Credit Lyonnais and other defendants have admitted to criminally defrauding the U.S. government, resulting in the largest criminal settlement in U.S. history. The civil lawsuit filed by Garamendi is scheduled to go to trial in February 2005. It has been reported that Executive Life policyholders suffered in excess of $4 billion in losses as a result of Credit Lyonnais’ fraudulent purchase of the company.
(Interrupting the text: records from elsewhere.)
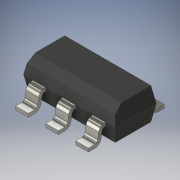
# Autodesk Inventor part: Semiconductor_SOT23-6
Saved by Autodesk Inventor 2018 (Build 220112000, 112)
## iProperties
Created: 2016-08-15
Part Number: Semiconductor_SOT23-6
Material: ABS Plastic
Document SubType Name: Modeling
Designer: Bradley
Density: 1.06 g/cm^3
Appearance: Smooth - Black
Author: Bradley
Autodesk Inventor part; units mm, degrees
ref_plane "YZ Plane" through (0, 0, 0) normal (1, 0, 0) x (0, 1, 0)
ref_plane "XZ Plane" through (0, 0, 0) normal (0, 1, 0) x (-1, 0, 0)
ref_plane "XY Plane" through (0, 0, 0) normal (0, 0, 1) x (1, 0, 0)
sketch "Sketch1" plane through (0, 0, 0) normal (0, 1, 0) x (-1, 0, 0)
  line L0 (-1.45, 0.65) -> (1.45, 0.65)
  line L1 (1.45, 0.65) -> (1.45, -0.65)
  line L2 (1.45, -0.65) -> (-1.45, -0.65)
  line L3 (-1.45, -0.65) -> (-1.45, 0.65)
  line L4 (-1.45, 0.65) -> (1.45, -0.65) construction
  line L5 (1.45, 0.65) -> (-1.45, -0.65) construction
  point P0 (0, 0)
  dimension "d0" = 2.9
  dimension "d1" = 1.3
  constraints: 12 end point, 2 midpoint, 2 parallel, 1 horizontal, 1 perpendicular
  measures "d0" distance of L1.end L2.end
  measures "d1" distance of L0.end L1.end
extrude "Extrusion1" add sketch "Sketch1" along normal blind 0.5 draft -10
sketch "Sketch2" plane through (0, 0, 0) normal (0, -1, 0) x (1, 0, 0)
  line L0 (1.45, 0.65) -> (-1.45, 0.65) projected
  line L1 (-1.45, 0.65) -> (-1.45, -0.65) projected
  line L2 (-1.45, -0.65) -> (1.45, -0.65) projected
  line L3 (1.45, -0.65) -> (1.45, 0.65) projected
  point P0 (0, 0)
extrude "Extrusion2" add sketch "Sketch2" along normal blind 0.5 draft -10
sketch "Sketch3" plane through (0, 0, 0) normal (0, 1, 0) x (-1, 0, 0)
  line L0 (-1.45, 0.65) -> (1.45, 0.65) projected
  line L1 (1.45, 0.65) -> (1.45, -0.65) projected
  line L2 (1.45, -0.65) -> (-1.45, -0.65) projected
  line L3 (-1.45, -0.65) -> (-1.45, 0.65) projected
  line L4 (-1.15, 0.65) -> (-0.75, 0.65)
  line L5 (-0.75, 0.65) -> (-0.75, 0.67)
  line L6 (-0.75, 0.67) -> (-1.15, 0.67)
  line L7 (-1.15, 0.67) -> (-1.15, 0.65)
  line L8 (-0.2, -0.65) -> (0.2, -0.65)
  line L9 (0.2, -0.65) -> (0.2, -0.67)
  line L10 (0.2, -0.67) -> (-0.2, -0.67)
  line L11 (-0.2, -0.67) -> (-0.2, -0.65)
  line L12 (-0.75, 0.65) -> (-1.15, 0.65)
  line L13 (-1.15, 0.65) -> (-1.15, 0)
  line L14 (-1.15, 0) -> (-0.75, 0)
  line L15 (-0.75, 0) -> (-0.75, 0.65)
  line L16 (-0.2, -0.65) -> (0.2, -0.65)
  line L17 (0.2, -0.65) -> (0.2, 0)
  line L18 (0.2, 0) -> (-0.2, 0)
  line L19 (-0.2, 0) -> (-0.2, -0.65)
  point P0 (0, 0)
  point P1 (0, -0.67)
  point P2 (-0.95, 0.67)
  point P3 (0, 0)
  dimension "d6" = 0.4
  dimension "d7" = 0.02
  dimension "d8" = 0.95
  dimension "d9" = 0
  constraints: 32 end point, 10 parallel, 4 horizontal, 4 perpendicular, 3 midpoint, 2 horizontal alignment, 2 point on line
  measures "d6" distance of L5.end L6.end
  measures "d7" distance of L4.end L5.end
  measures "d8" horizontal distance of point (-0.95, 0.67) point (0, 0)
  measures "d9" horizontal distance of point (0, 0) point (0, -0.67)
extrude "Extrusion3" add sketch "Sketch3" against normal blind 0.11 contours L7 L6 L5 L0 | L0 L15 L14 L13
sketch "Sketch4" plane through (1.15, 0, 0.67) normal (1, 0, 0) x (0, 0, -1)
  line L0 (0.02, 0) -> (0.0394, -0.11) projected
  line L1 (0, 0) -> (0.02, 0) projected
  line L2 (0, 0) -> (0, -0.11) projected
  line L3 (0.0394, -0.11) -> (0, -0.11) projected
  line L4 (0, -0.11) -> (0.0394, -0.11) projected
  arc A0 (0, -0.11) -> (-0.0985, -0.193) centre (0, -0.21) ccw
  arc A1 (0, 0) -> (-0.207, -0.1744) centre (0, -0.21) ccw
  arc A2 (-0.337, -0.44) -> (-0.2384, -0.357) centre (-0.337, -0.34) ccw
  arc A3 (-0.337, -0.55) -> (-0.13, -0.3756) centre (-0.337, -0.34) ccw
  line L5 (-0.0985, -0.193) -> (-0.13, -0.3756)
  line L6 (-0.207, -0.1744) -> (-0.2384, -0.357)
  line L7 (-0.337, -0.44) -> (-0.53, -0.44)
  line L8 (-0.53, -0.44) -> (-0.53, -0.55)
  line L9 (-0.53, -0.55) -> (-0.337, -0.55)
  line L10 (0.0394, -0.11) -> (0, -0.11) projected
  line L11 (0, 0) -> (0.02, 0) projected
  line L12 (0, 0) -> (0, -0.11) projected
  line L13 (1.2318, -0.5) -> (0.1082, -0.5) projected
  point P0 (0.67, 0)
  dimension "d12" = 1.2
  dimension "d13" = 0.05
  dimension "d14" = 0.1
  dimension "d15" = 0.4
  constraints: 10 end point, 8 point on circle, 8 tangent, 4 centre point, 2 coincident, 2 parallel, 2 perpendicular, 1 equal radius, 1 horizontal
  measures "d12" distance from line of point (0.67, 0) L8
  measures "d13" distance between parallel lines of L9 L13
  measures "d14" radius of A0
  measures "d15" distance from line of L5.end L8
extrude "Extrusion4" add sketch "Sketch4" against normal up to surface (0.4 mm away) contours L2 A0 L5 A3 L9 L8 L7 A2 L6 A1
extrude "Extrusion5" add sketch "Sketch3" against normal blind 0.11 contours L19 L18 L17 L2 | L2 L9 L10 L11
sketch "Sketch5" plane through (0.2, 0, -0.65) normal (1, 0, 0) x (0, 0, -1)
  line L0 (-1.3, 0) -> (-1.2806, -0.11) projected
  line L1 (-1.32, 0) -> (-1.3, 0) projected
  arc A0 (-1.32, 0) -> (-1.527, -0.1744) centre (-1.32, -0.21) ccw projected
  line L2 (-1.527, -0.1744) -> (-1.5584, -0.357) projected
  arc A1 (-1.657, -0.44) -> (-1.5584, -0.357) centre (-1.657, -0.34) ccw projected
  line L3 (-1.657, -0.44) -> (-1.85, -0.44) projected
  line L4 (-1.85, -0.44) -> (-1.85, -0.55) projected
  line L5 (-1.85, -0.55) -> (-1.657, -0.55) projected
  arc A2 (-1.657, -0.55) -> (-1.45, -0.3756) centre (-1.657, -0.34) ccw projected
  line L6 (-1.45, -0.3756) -> (-1.4185, -0.193) projected
  arc A3 (-1.32, -0.11) -> (-1.4185, -0.193) centre (-1.32, -0.21) ccw projected
  line L7 (-1.2806, -0.11) -> (-1.32, -0.11) projected
  line L8 (-0.0194, -0.11) -> (0, 0) projected
  line L9 (0.02, -0.11) -> (-0.0194, -0.11) projected
  line L10 (0.02, 0) -> (0.02, -0.11) projected
  line L11 (0, 0) -> (0.02, 0) projected
  arc A4 (0.1185, -0.193) -> (0.02, -0.11) centre (0.02, -0.21) ccw
  line L12 (0.02, 0) -> (0, 0) projected
  arc A5 (0.227, -0.1744) -> (0.02, 0) centre (0.02, -0.21) ccw
  arc A6 (0.2584, -0.357) -> (0.357, -0.44) centre (0.357, -0.34) ccw
  arc A7 (0.15, -0.3756) -> (0.357, -0.55) centre (0.357, -0.34) ccw
  line L13 (0.357, -0.55) -> (0.55, -0.55)
  line L14 (0.55, -0.55) -> (0.55, -0.44)
  line L15 (0.55, -0.44) -> (0.357, -0.44)
  line L16 (0.227, -0.1744) -> (0.2584, -0.357)
  line L17 (0.1185, -0.193) -> (0.15, -0.3756)
  point P0 (-0.65, 0)
  constraints: 10 end point, 8 point on circle, 7 tangent, 5 equal length, 4 centre point, 4 equal radius, 2 perpendicular, 1 collinear, 1 horizontal
extrude "Extrusion6" add sketch "Sketch5" against normal up to surface (0.4 mm away) contours L10 A5 L16 A6 L15 L14 L13 A7 L17 A4
pattern_linear "Rectangular Pattern1" count 3 spacing 0.95 along (-1, 0, 0) of "Extrusion3", "Extrusion4"
pattern_linear "Rectangular Pattern2" count 3 spacing 0.95 along (1, 0, 0) of "Extrusion6", "Extrusion5" first direction both ways yes
chamfer "Chamfer1" distance 0.2 angle 45 1 edges at (0, 0.5, 0.5618)
body "Solid1"

“The Commissioner is representing 330,000 policyholders affected by this fraud. Their losses should be at the core of his lawsuit; yet we have to resort to filing a public records request to demand that he put them on the table. Policyholders are at risk because Insurance Commissioner Garamendi has not directly countered — in public or in court — defendants’ claims that there were no real losses,” said Maureen Marr, co-founder of the network and an Executive Life policyholder activist. “We are very concerned that the statements made by the Commissioner for years — that nearly all policyholders were made whole — were made for political purposes; those misstatements are hampering the policyholders’ hopes for recoveries now that this fraud has been discovered and is being litigated.
“We are afraid that, without the release of this information, this case will be settled quietly with policyholder losses swept under the rug. We are deeply alarmed by reports in the French press that Garamendi has reduced his initial settlement demand considerably,” said Marr.
The trial in Garamendi v. Altus Finance, is scheduled to begin on Feb. 15, 2005.